第1章绪论1.1课题研究背景和意义1.1.1 课题研究的背景随着国民经济的高速发展，人民生活水平不断提高，为了创造一个舒适的生活环境，人们普遍采用了各种各样的空调器、采暖设备等等。

在冬天，各种各样的采暖设备被广泛使用，如暖气片、辐射板、采暖空调、电加热器等等。

能源消耗日益巨大，在某些地方由于使用烧煤、烧气等采暖，造成了一定的环境污染。

因此，需要一种即节能，且无污染的采暖设备。

辐射板是一种节能，而且没有污染的采暖设备，在欧洲等发达国家，已经被大量使用。

在中国，北京某些新建的住宅楼也采用了辐射板采暖。

有的公司还开发出具有保健作用的辐射板，市场潜力巨大。

以前计算辐射换热大多采用分析解法，如微分法、积分法、代数法等等。

对于一些比较简单的几何表面，上述方法可以解决。

但是在实际情况中，由于各表面之间的复杂性，分析解法很难解决这些问题。

目前，随着计算科学的不断发展，在工程上，开始将数值计算法应用于辐射角系数的计算。

1.1.2 课题研究的目的和意义本论文研究的目的就是计算出辐射板位置对人体舒适度的影响。

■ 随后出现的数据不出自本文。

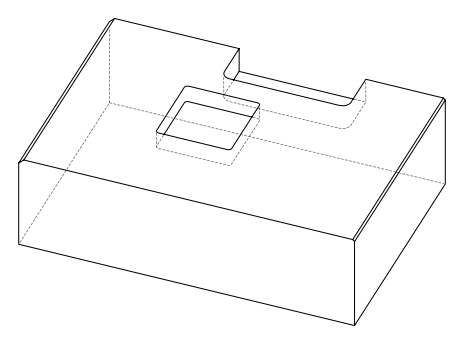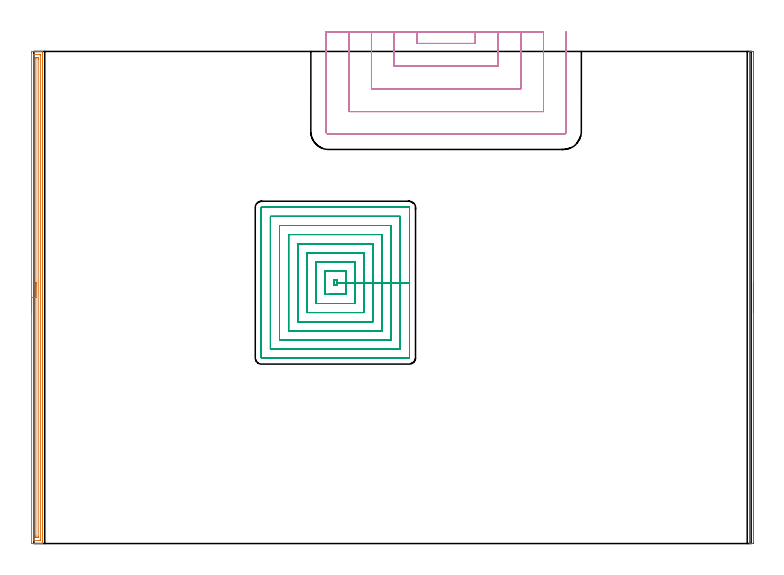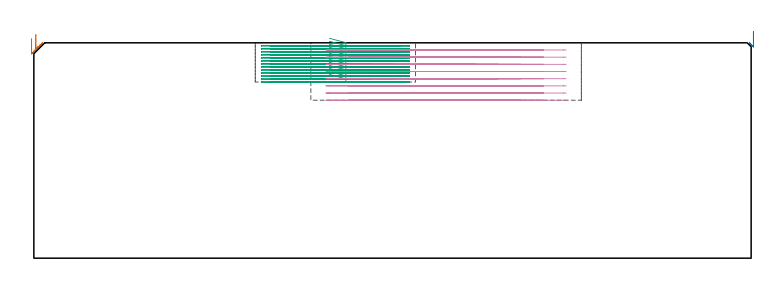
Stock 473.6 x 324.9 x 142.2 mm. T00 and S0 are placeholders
(PLAN: 4 operations, 2 tool changes, 87.9 min)
(1 AREA_MILL | FG_CHAMFER_SURFACE | UGT0205_001 | 7.99 min | 8421 mm3)
(2 AREA_MILL_1 | FG_CHAMFER_SURFACE_1 | UGT0205_001 | 2.75 min | 1098 mm3)
(3 MILL_RECTANGULAR_POCKET | POCKET_RECTANGULAR_STRAIGHT | NXT0201_009 | Follow Part, ap 2, ae 75% | 50.06 min | 294237 mm3)
(4 MILL_SLOT | SLOT_PARTIAL_RECTANGULAR | UGT0201_094 | Follow Part, ap 5, ae 75% | 27.07 min | 435719 mm3)
(TOOL UGT0205_001 | Chamfer Mill 20 x 3 x 45 deg. | D20 FL50 Z2)
(TOOL NXT0201_009 | ENDMILL 8mm [2P460-0800-NA 1630] | D8 FL26 Z6)
(TOOL UGT0201_094 | End mill 20 mm | D20 FL38 Z4)
(OP 1 AREA_MILL)
G17 G21 G94 G90
T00 M6
G54
G17 G0 G90 X-1.5 Y152.45 S1061 M3
G43 Z152.2 H0
Z145.
G94 G1 Y152.488 Z144.128 F250.
Y152.602 Z143.264
Y152.791 Z142.412
Y153.053 Z141.58
Y153.387 Z140.774
Y153.79 Z140.
Y154.258 Z139.264
Y154.79 Z138.572
Y155.379 Z137.929
Y156.022 Z137.34
Y156.714 Z136.809
Y157.45 Z136.34
Y158.224 Z135.937
Y159.03 Z135.603
Y159.862 Z135.341
Y160.714 Z135.152
Y161.578 Z135.038
Y162.45 Z135.
Y323.885
X-1.499 Y324.272 Z135.001
X-1.495 Y324.774 Z135.003
X-1.491 Y324.891 Z135.006
X-0.998 Y324.9 Z135.499
X2.543 Z139.037
X3.955 Z140.451
X4.313 Z140.808
X5.028 Z141.528
X5.294 Z141.794
X5.677 Y324.892 Z142.168
X5.697 Y324.89 Z142.188
X5.7 Y324.719 Z142.2
Y0.181
X5.697 Y0.01 Z142.188
X5.677 Y0.008 Z142.168
X5.294 Y0. Z141.794
X5.028 Z141.528
X4.313 Z140.808
X3.07 Z139.567
X1.657 Z138.153
X-0.998 Y0.001 Z135.499
X-1.234 Y0.003 Z135.263
X-1.492 Y0.009 Z135.006
X-1.495 Y0.126 Z135.003
X-1.499 Y0.628 Z135.001
X-1.5 Y1.135 Z135.
Y162.45
X-0.086 Z136.414
Y322.701
X-0.085 Y322.809 Z136.415
X-0.082 Y322.862 Z136.418
X-0.08 Y322.882 Z136.42
X-0.05 Y322.89 Z136.45
X0.362 Y322.899 Z136.862
X3.902 Z140.402
X4.157 Y322.895 Z140.657
X4.275 Y322.89 Z140.775
X4.285 Y322.512 Z140.785
X4.286 Y322.484 Z140.786
Y2.199
X4.285 Y2.091 Z140.785
X4.282 Y2.037 Z140.782
X4.28 Y2.018 Z140.78
X4.25 Y2.01 Z140.75
X3.838 Y2.001 Z140.338
X0.298 Z136.798
X0.043 Y2.005 Z136.543
X-0.075 Y2.01 Z136.425
X-0.085 Y2.388 Z136.415
X-0.086 Y2.416 Z136.414
Y162.45
X1.329 Z137.829
Y320.134
X1.333 Y320.696 Z137.833
X1.335 Y320.861 Z137.835
X1.34 Y320.89 Z137.84
X1.389 Y320.895 Z137.889
X1.457 Y320.899 Z137.957
X1.657 Y320.9 Z138.157
X2.341 Z138.841
X2.543 Y320.897 Z139.043
X2.744 Y320.892 Z139.244
X2.865 Y320.886 Z139.365
X2.868 Y320.806 Z139.368
X2.87 Y320.696 Z139.37
X2.871 Y320.364 Z139.371
X2.872 Y319.802 Z139.372
X2.871 Y4.766 Z139.371
X2.867 Y4.204 Z139.367
X2.865 Y4.039 Z139.365
X2.86 Y4.01 Z139.36
X2.811 Y4.005 Z139.311
X2.743 Y4.001 Z139.243
X2.543 Y4. Z139.043
X1.859 Z138.359
X1.657 Y4.003 Z138.157
X1.456 Y4.008 Z137.956
X1.335 Y4.014 Z137.835
X1.332 Y4.093 Z137.832
X1.33 Y4.204 Z137.83
X1.329 Y4.536 Z137.829
X1.328 Y5.098 Z137.828
X1.329 Y162.45 Z137.829
Y163.322 Z137.867
Y164.186 Z137.98
Y165.038 Z138.169
Y165.87 Z138.432
Y166.676 Z138.765
Y167.45 Z139.168
Y168.186 Z139.637
Y168.878 Z140.168
Y169.521 Z140.757
Y170.11 Z141.401
Y170.642 Z142.093
Y171.11 Z142.829
Y171.513 Z143.602
Y171.847 Z144.408
Y172.109 Z145.24
Y172.298 Z146.092
Y172.412 Z146.957
Y172.45 Z147.829
G0 Z152.2
M5
M2
(OP 2 AREA_MILL_1)
G17 G21 G94 G90
T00 M6
G54
G17 G0 G90 X475.1 Y172.45 S1061 M3
G43 Z152.2 H0
Z149.6
G94 G1 Y172.412 Z148.728 F250.
Y172.298 Z147.863
Y172.109 Z147.012
Y171.847 Z146.18
Y171.513 Z145.374
Y171.11 Z144.6
Y170.641 Z143.864
Y170.11 Z143.172
Y169.521 Z142.529
Y168.878 Z141.94
Y168.186 Z141.408
Y167.45 Z140.94
Y166.676 Z140.537
Y165.87 Z140.203
Y165.038 Z139.941
Y164.186 Z139.752
Y163.322 Z139.638
Y162.45 Z139.6
Y0.628
X475.099 Y0.394 Z139.601
X475.091 Y0.003 Z139.605
X475.035 Y0. Z139.662
X473.8 Z140.895
X472.84 Z141.859
X472.669 Y0.001 Z142.023
X472.502 Y0.01 Z142.188
X472.5 Y0.181 Z142.2
Y324.719
X472.502 Y324.89 Z142.188
X472.669 Y324.899 Z142.023
X472.84 Y324.9 Z141.859
X473.089 Z141.611
X473.8 Z140.895
X475.035 Z139.662
X475.091 Y324.897 Z139.605
X475.1 Y324.505 Z139.6
Y162.45
Y161.578 Z139.638
Y160.713 Z139.752
Y159.862 Z139.941
Y159.03 Z140.203
Y158.224 Z140.537
Y157.45 Z140.94
Y156.714 Z141.408
Y156.022 Z141.94
Y155.379 Z142.529
Y154.79 Z143.172
Y154.258 Z143.864
Y153.79 Z144.6
Y153.387 Z145.374
Y153.053 Z146.18
Y152.791 Z147.012
Y152.602 Z147.863
Y152.488 Z148.728
Y152.45 Z149.6
G0 Z152.2
M5
M2
(OP 3 MILL_RECTANGULAR_POCKET)
G17 G21 G94 G90
T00 M6
G54
G17 G0 G90 X195.118 Y164.5 S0 M3
G43 Z152.2 H1
Z145.2
G94 G1 X206. Z142.284 F250.
Y172.25 Z140.208
X200.
Y174. F500.
X198.2
Y170.5
X200.
Y172.25
X206.
Y180.
X192.2
Y164.5
X206.
Y172.25
X212.
Y186.
X186.2
Y158.5
X212.
Y172.25
X218.
Y192.
X180.2
Y152.5
X218.
Y172.25
X224.
Y198.
X174.2
Y146.5
X224.
Y172.25
X230.
Y204.
X168.2
Y140.5
X230.
Y172.25
X236.
Y210.
X162.2
Y134.5
X236.
Y172.25
X242.
Y216.
X156.2
Y128.5
X242.
Y172.25
X248.
Y221.9
X247.995 Y221.955
X247.955 Y221.995
X247.9 Y222.
X150.3
X150.245 Y221.995
X150.205 Y221.955
X150.2 Y221.9
Y122.6
X150.205 Y122.545
X150.245 Y122.505
X150.3 Y122.5
X247.9
X247.955 Y122.505
X247.995 Y122.545
X248. Y122.6
Y172.25
Y173.25
G0 X195.118 Y164.5 Z143.208
G1 X206. Z140.292 F250.
Y172.25 Z138.215
X200.
Y174. F500.
X198.2
Y170.5
X200.
Y172.25
X206.
Y180.
X192.2
Y164.5
X206.
Y172.25
X212.
Y186.
X186.2
Y158.5
X212.
Y172.25
X218.
Y192.
X180.2
Y152.5
X218.
Y172.25
X224.
Y198.
X174.2
Y146.5
X224.
Y172.25
X230.
Y204.
X168.2
Y140.5
X230.
Y172.25
X236.
Y210.
X162.2
Y134.5
X236.
Y172.25
X242.
Y216.
X156.2
Y128.5
X242.
Y172.25
X248.
Y221.9
X247.995 Y221.955
X247.955 Y221.995
X247.9 Y222.
X150.3
X150.245 Y221.995
X150.205 Y221.955
X150.2 Y221.9
Y122.6
X150.205 Y122.545
X150.245 Y122.505
X150.3 Y122.5
X247.9
X247.955 Y122.505
X247.995 Y122.545
X248. Y122.6
Y172.25
Y173.25
G0 X195.118 Y164.5 Z141.215
G1 X206. Z138.3 F250.
Y172.25 Z136.223
X200.
Y174. F500.
X198.2
Y170.5
X200.
Y172.25
X206.
Y180.
X192.2
Y164.5
X206.
Y172.25
X212.
Y186.
X186.2
Y158.5
X212.
Y172.25
X218.
Y192.
X180.2
Y152.5
X218.
Y172.25
X224.
Y198.
X174.2
Y146.5
X224.
Y172.25
X230.
Y204.
X168.2
Y140.5
X230.
Y172.25
X236.
Y210.
X162.2
Y134.5
X236.
Y172.25
X242.
Y216.
X156.2
Y128.5
X242.
Y172.25
X248.
Y221.9
X247.995 Y221.955
X247.955 Y221.995
X247.9 Y222.
X150.3
X150.245 Y221.995
X150.205 Y221.955
X150.2 Y221.9
Y122.6
X150.205 Y122.545
X150.245 Y122.505
X150.3 Y122.5
X247.9
X247.955 Y122.505
X247.995 Y122.545
X248. Y122.6
Y172.25
Y173.25
G0 X195.118 Y164.5 Z139.223
G1 X206. Z136.307 F250.
Y172.25 Z134.231
X200.
Y174. F500.
X198.2
Y170.5
X200.
Y172.25
X206.
Y180.
X192.2
Y164.5
X206.
Y172.25
X212.
Y186.
X186.2
Y158.5
X212.
Y172.25
X218.
Y192.
X180.2
Y152.5
X218.
Y172.25
X224.
Y198.
X174.2
Y146.5
X224.
Y172.25
X230.
Y204.
X168.2
Y140.5
X230.
Y172.25
X236.
Y210.
X162.2
Y134.5
X236.
Y172.25
X242.
Y216.
X156.2
Y128.5
X242.
Y172.25
X248.
Y221.9
X247.995 Y221.955
X247.955 Y221.995
X247.9 Y222.
X150.3
X150.245 Y221.995
X150.205 Y221.955
X150.2 Y221.9
Y122.6
X150.205 Y122.545
X150.245 Y122.505
X150.3 Y122.5
X247.9
X247.955 Y122.505
X247.995 Y122.545
X248. Y122.6
Y172.25
Y173.25
G0 X195.118 Y164.5 Z137.231
G1 X206. Z134.315 F250.
Y172.25 Z132.238
X200.
Y174. F500.
X198.2
Y170.5
X200.
Y172.25
X206.
Y180.
X192.2
Y164.5
X206.
Y172.25
X212.
Y186.
X186.2
Y158.5
X212.
Y172.25
X218.
Y192.
X180.2
Y152.5
X218.
Y172.25
X224.
Y198.
X174.2
Y146.5
X224.
Y172.25
X230.
Y204.
X168.2
Y140.5
X230.
Y172.25
X236.
Y210.
X162.2
Y134.5
X236.
Y172.25
X242.
Y216.
X156.2
Y128.5
X242.
Y172.25
X248.
Y221.9
X247.995 Y221.955
X247.955 Y221.995
X247.9 Y222.
X150.3
X150.245 Y221.995
X150.205 Y221.955
X150.2 Y221.9
Y122.6
X150.205 Y122.545
X150.245 Y122.505
X150.3 Y122.5
X247.9
X247.955 Y122.505
X247.995 Y122.545
X248. Y122.6
Y172.25
Y173.25
G0 X195.118 Y164.5 Z135.238
G1 X206. Z132.323 F250.
Y172.25 Z130.246
X200.
Y174. F500.
X198.2
Y170.5
X200.
Y172.25
X206.
Y180.
X192.2
Y164.5
X206.
Y172.25
X212.
Y186.
X186.2
Y158.5
X212.
Y172.25
X218.
Y192.
X180.2
Y152.5
X218.
Y172.25
X224.
Y198.
X174.2
Y146.5
X224.
Y172.25
X230.
Y204.
X168.2
Y140.5
X230.
Y172.25
X236.
Y210.
X162.2
Y134.5
X236.
Y172.25
X242.
Y216.
X156.2
Y128.5
X242.
Y172.25
X248.
Y221.9
X247.995 Y221.955
X247.955 Y221.995
X247.9 Y222.
X150.3
X150.245 Y221.995
X150.205 Y221.955
X150.2 Y221.9
Y122.6
X150.205 Y122.545
X150.245 Y122.505
X150.3 Y122.5
X247.9
X247.955 Y122.505
X247.995 Y122.545
X248. Y122.6
Y172.25
Y173.25
G0 X195.118 Y164.5 Z133.246
G1 X206. Z130.33 F250.
Y172.25 Z128.254
X200.
Y174. F500.
X198.2
Y170.5
X200.
Y172.25
X206.
Y180.
X192.2
Y164.5
X206.
Y172.25
X212.
Y186.
X186.2
Y158.5
X212.
Y172.25
X218.
Y192.
X180.2
Y152.5
X218.
Y172.25
X224.
Y198.
X174.2
Y146.5
X224.
Y172.25
X230.
Y204.
X168.2
Y140.5
X230.
Y172.25
X236.
Y210.
X162.2
Y134.5
X236.
Y172.25
X242.
Y216.
X156.2
Y128.5
X242.
Y172.25
X248.
Y221.9
X247.995 Y221.955
X247.955 Y221.995
X247.9 Y222.
X150.3
X150.245 Y221.995
X150.205 Y221.955
X150.2 Y221.9
Y122.6
X150.205 Y122.545
X150.245 Y122.505
X150.3 Y122.5
X247.9
X247.955 Y122.505
X247.995 Y122.545
X248. Y122.6
Y172.25
Y173.25
G0 X195.118 Y164.5 Z131.254
G1 X206. Z128.338 F250.
Y172.25 Z126.261
X200.
Y174. F500.
X198.2
Y170.5
X200.
Y172.25
X206.
Y180.
X192.2
Y164.5
X206.
Y172.25
X212.
Y186.
X186.2
Y158.5
X212.
Y172.25
X218.
Y192.
X180.2
Y152.5
X218.
Y172.25
X224.
Y198.
X174.2
Y146.5
X224.
Y172.25
X230.
Y204.
X168.2
Y140.5
X230.
Y172.25
X236.
Y210.
X162.2
Y134.5
X236.
Y172.25
X242.
Y216.
X156.2
Y128.5
X242.
Y172.25
X248.
Y221.9
X247.995 Y221.955
X247.955 Y221.995
X247.9 Y222.
X150.3
X150.245 Y221.995
X150.205 Y221.955
X150.2 Y221.9
Y122.6
X150.205 Y122.545
X150.245 Y122.505
X150.3 Y122.5
X247.9
X247.955 Y122.505
X247.995 Y122.545
X248. Y122.6
Y172.25
Y173.25
G0 X195.118 Y164.5 Z129.261
G1 X206. Z126.346 F250.
Y172.25 Z124.269
X200.
Y174. F500.
X198.2
Y170.5
X200.
Y172.25
X206.
Y180.
X192.2
Y164.5
X206.
Y172.25
X212.
Y186.
X186.2
Y158.5
X212.
Y172.25
X218.
Y192.
X180.2
Y152.5
X218.
Y172.25
X224.
Y198.
X174.2
Y146.5
X224.
Y172.25
X230.
Y204.
X168.2
Y140.5
X230.
Y172.25
X236.
Y210.
X162.2
Y134.5
X236.
Y172.25
X242.
Y216.
X156.2
Y128.5
X242.
Y172.25
X248.
Y221.9
X247.995 Y221.955
X247.955 Y221.995
X247.9 Y222.
X150.3
X150.245 Y221.995
X150.205 Y221.955
X150.2 Y221.9
Y122.6
X150.205 Y122.545
X150.245 Y122.505
X150.3 Y122.5
X247.9
X247.955 Y122.505
X247.995 Y122.545
X248. Y122.6
Y172.25
Y173.25
G0 X195.118 Y164.5 Z127.269
G1 X206. Z124.354 F250.
Y172.25 Z122.277
X200.
Y174. F500.
X198.2
Y170.5
X200.
Y172.25
X206.
Y180.
X192.2
Y164.5
X206.
Y172.25
X212.
Y186.
X186.2
Y158.5
X212.
Y172.25
X218.
Y192.
X180.2
Y152.5
X218.
Y172.25
X224.
Y198.
X174.2
Y146.5
X224.
Y172.25
X230.
Y204.
X168.2
Y140.5
X230.
Y172.25
X236.
Y210.
X162.2
Y134.5
X236.
Y172.25
X242.
Y216.
X156.2
Y128.5
X242.
Y172.25
X248.
Y221.9
X247.995 Y221.955
X247.955 Y221.995
X247.9 Y222.
X150.3
X150.245 Y221.995
X150.205 Y221.955
X150.2 Y221.9
Y122.6
X150.205 Y122.545
X150.245 Y122.505
X150.3 Y122.5
X247.9
X247.955 Y122.505
X247.995 Y122.545
X248. Y122.6
Y172.25
Y173.25
G0 X195.118 Y164.5 Z125.277
G1 X206. Z122.361 F250.
Y172.25 Z120.285
X200.
Y174. F500.
X198.2
Y170.5
X200.
Y172.25
X206.
Y180.
X192.2
Y164.5
X206.
Y172.25
X212.
Y186.
X186.2
Y158.5
X212.
Y172.25
X218.
Y192.
X180.2
Y152.5
X218.
Y172.25
X224.
Y198.
X174.2
Y146.5
X224.
Y172.25
X230.
Y204.
X168.2
Y140.5
X230.
Y172.25
X236.
Y210.
X162.2
Y134.5
X236.
Y172.25
X242.
Y216.
X156.2
Y128.5
X242.
Y172.25
X248.
Y221.9
X247.995 Y221.955
X247.955 Y221.995
X247.9 Y222.
X150.3
X150.245 Y221.995
X150.205 Y221.955
X150.2 Y221.9
Y122.6
X150.205 Y122.545
X150.245 Y122.505
X150.3 Y122.5
X247.9
X247.955 Y122.505
X247.995 Y122.545
X248. Y122.6
Y172.25
Y173.25
G0 X195.118 Y164.5 Z123.285
G1 X206. Z120.369 F250.
Y172.25 Z118.292
X200.
Y174. F500.
X198.2
Y170.5
X200.
Y172.25
X206.
Y180.
X192.2
Y164.5
X206.
Y172.25
X212.
Y186.
X186.2
Y158.5
X212.
Y172.25
X218.
Y192.
X180.2
Y152.5
X218.
Y172.25
X224.
Y198.
X174.2
Y146.5
X224.
Y172.25
X230.
Y204.
X168.2
Y140.5
X230.
Y172.25
X236.
Y210.
X162.2
Y134.5
X236.
Y172.25
X242.
Y216.
X156.2
Y128.5
X242.
Y172.25
X248.
Y221.9
X247.995 Y221.955
X247.955 Y221.995
X247.9 Y222.
X150.3
X150.245 Y221.995
X150.205 Y221.955
X150.2 Y221.9
Y122.6
X150.205 Y122.545
X150.245 Y122.505
X150.3 Y122.5
X247.9
X247.955 Y122.505
X247.995 Y122.545
X248. Y122.6
Y172.25
Y173.25
G0 X195.118 Y164.5 Z121.292
G1 X206. Z118.377 F250.
Y172.25 Z116.3
X200.
Y174. F500.
X198.2
Y170.5
X200.
Y172.25
X206.
Y180.
X192.2
Y164.5
X206.
Y172.25
X212.
Y186.
X186.2
Y158.5
X212.
Y172.25
X218.
Y192.
X180.2
Y152.5
X218.
Y172.25
X224.
Y198.
X174.2
Y146.5
X224.
Y172.25
X230.
Y204.
X168.2
Y140.5
X230.
Y172.25
X236.
Y210.
X162.2
Y134.5
X236.
Y172.25
X242.
Y216.
X156.2
Y128.5
X242.
Y172.25
X248.
Y221.9
X247.995 Y221.955
X247.955 Y221.995
X247.9 Y222.
X150.3
X150.245 Y221.995
X150.205 Y221.955
X150.2 Y221.9
Y122.6
X150.205 Y122.545
X150.245 Y122.505
X150.3 Y122.5
X247.9
X247.955 Y122.505
X247.995 Y122.545
X248. Y122.6
Y172.25
Y173.25
G0 Z152.2
M5
M2
(OP 4 MILL_SLOT)
G17 G21 G94 G90
T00 M6
G54
G17 G0 G90 X252.9 Y337.9 S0 M3
G43 Z152.2 H0
Z137.462
G94 G1 Y334.9 F250.
Y330.2 F500.
X291.5
Y334.9
Y337.9 F250.
X237.9
Y334.9
Y315.2 F500.
X306.5
Y334.9
Y337.9 F250.
X222.9
Y334.9
Y300.2 F500.
X321.5
Y334.9
Y337.9 F250.
X207.9
Y334.9
Y285.2 F500.
X336.5
Y334.9
Y337.9 F250.
X192.9
Y334.9
Y272. F500.
G3 X194.7 Y270.2 R1.8
G1 X349.7
G3 X351.5 Y272. R1.8
G1 Y334.9
Y337.9 F250.
G0 X252.9 Z132.725
G1 Y334.9
Y330.2 F500.
X291.5
Y334.9
Y337.9 F250.
X237.9
Y334.9
Y315.2 F500.
X306.5
Y334.9
Y337.9 F250.
X222.9
Y334.9
Y300.2 F500.
X321.5
Y334.9
Y337.9 F250.
X207.9
Y334.9
Y285.2 F500.
X336.5
Y334.9
Y337.9 F250.
X192.9
Y334.9
Y272. F500.
G3 X194.7 Y270.2 R1.8
G1 X349.7
G3 X351.5 Y272. R1.8
G1 Y334.9
Y337.9 F250.
G0 X252.9 Z127.987
G1 Y334.9
Y330.2 F500.
X291.5
Y334.9
Y337.9 F250.
X237.9
Y334.9
Y315.2 F500.
X306.5
Y334.9
Y337.9 F250.
X222.9
Y334.9
Y300.2 F500.
X321.5
Y334.9
Y337.9 F250.
X207.9
Y334.9
Y285.2 F500.
X336.5
Y334.9
Y337.9 F250.
X192.9
Y334.9
Y272. F500.
G3 X194.7 Y270.2 R1.8
G1 X349.7
G3 X351.5 Y272. R1.8
G1 Y334.9
Y337.9 F250.
G0 X252.9 Z123.25
G1 Y334.9
Y330.2 F500.
X291.5
Y334.9
Y337.9 F250.
X237.9
Y334.9
Y315.2 F500.
X306.5
Y334.9
Y337.9 F250.
X222.9
Y334.9
Y300.2 F500.
X321.5
Y334.9
Y337.9 F250.
X207.9
Y334.9
Y285.2 F500.
X336.5
Y334.9
Y337.9 F250.
X192.9
Y334.9
Y272. F500.
G3 X194.7 Y270.2 R1.8
G1 X349.7
G3 X351.5 Y272. R1.8
G1 Y334.9
Y337.9 F250.
G0 X252.9 Z118.512
G1 Y334.9
Y330.2 F500.
X291.5
Y334.9
Y337.9 F250.
X237.9
Y334.9
Y315.2 F500.
X306.5
Y334.9
Y337.9 F250.
X222.9
Y334.9
Y300.2 F500.
X321.5
Y334.9
Y337.9 F250.
X207.9
Y334.9
Y285.2 F500.
X336.5
Y334.9
Y337.9 F250.
X192.9
Y334.9
Y272. F500.
G3 X194.7 Y270.2 R1.8
G1 X349.7
G3 X351.5 Y272. R1.8
G1 Y334.9
Y337.9 F250.
G0 X252.9 Z113.775
G1 Y334.9
Y330.2 F500.
X291.5
Y334.9
Y337.9 F250.
X237.9
Y334.9
Y315.2 F500.
X306.5
Y334.9
Y337.9 F250.
X222.9
Y334.9
Y300.2 F500.
X321.5
Y334.9
Y337.9 F250.
X207.9
Y334.9
Y285.2 F500.
X336.5
Y334.9
Y337.9 F250.
X192.9
Y334.9
Y272. F500.
G3 X194.7 Y270.2 R1.8
G1 X349.7
G3 X351.5 Y272. R1.8
G1 Y334.9
Y337.9 F250.
G0 X252.9 Z109.037
G1 Y334.9
Y330.2 F500.
X291.5
Y334.9
Y337.9 F250.
X237.9
Y334.9
Y315.2 F500.
X306.5
Y334.9
Y337.9 F250.
X222.9
Y334.9
Y300.2 F500.
X321.5
Y334.9
Y337.9 F250.
X207.9
Y334.9
Y285.2 F500.
X336.5
Y334.9
Y337.9 F250.
X192.9
Y334.9
Y272. F500.
G3 X194.7 Y270.2 R1.8
G1 X349.7
G3 X351.5 Y272. R1.8
G1 Y334.9
Y337.9 F250.
G0 X252.9 Z104.3
G1 Y334.9
Y330.2 F500.
X291.5
Y334.9
Y337.9 F250.
X237.9
Y334.9
Y315.2 F500.
X306.5
Y334.9
Y337.9 F250.
X222.9
Y334.9
Y300.2 F500.
X321.5
Y334.9
Y337.9 F250.
X207.9
Y334.9
Y285.2 F500.
X336.5
Y334.9
Y337.9 F250.
X192.9
Y334.9
Y272. F500.
G3 X194.7 Y270.2 R1.8
G1 X349.7
G3 X351.5 Y272. R1.8
G1 Y334.9
Y337.9 F250.
G0 Z152.2
M5
M2

1984年国际标准化组织（ISO），在ISO7730标准[1]中，用PMV和PPD指标来描述和评价热环境。

在指标综合考虑了人体活动情况、着衣情况、空气温度、湿度、流速、平均辐射温度等六个因素。

在稳态热环境下，丹麦工业大学的Fanger[1,2]提出PMV-PPD评价方法，该法是以下列热平衡式为基础的：人体产热－对外做功消耗－体表扩散失热－汗液蒸发失热－呼吸的显热和潜热交换=通过衣服的换热=在热换境内通过对流和辐射的换热本论文用Monte Carlo方法计算出在热环境内的辐射换热，这是最主要的工作。

然后计算对流换热和其他人体散热，从而计算出人体舒适度。

不同的辐射板布置方式就有不同的辐射换热，人体舒适度也不同。

确定一个较佳的辐射板布置位置，从而使PMV值在-0.5至0.5之间，使人感到舒适。

1.2 国内外研究综述由于分析解法的复杂性，很多工程上的辐射换热问题都难以解决。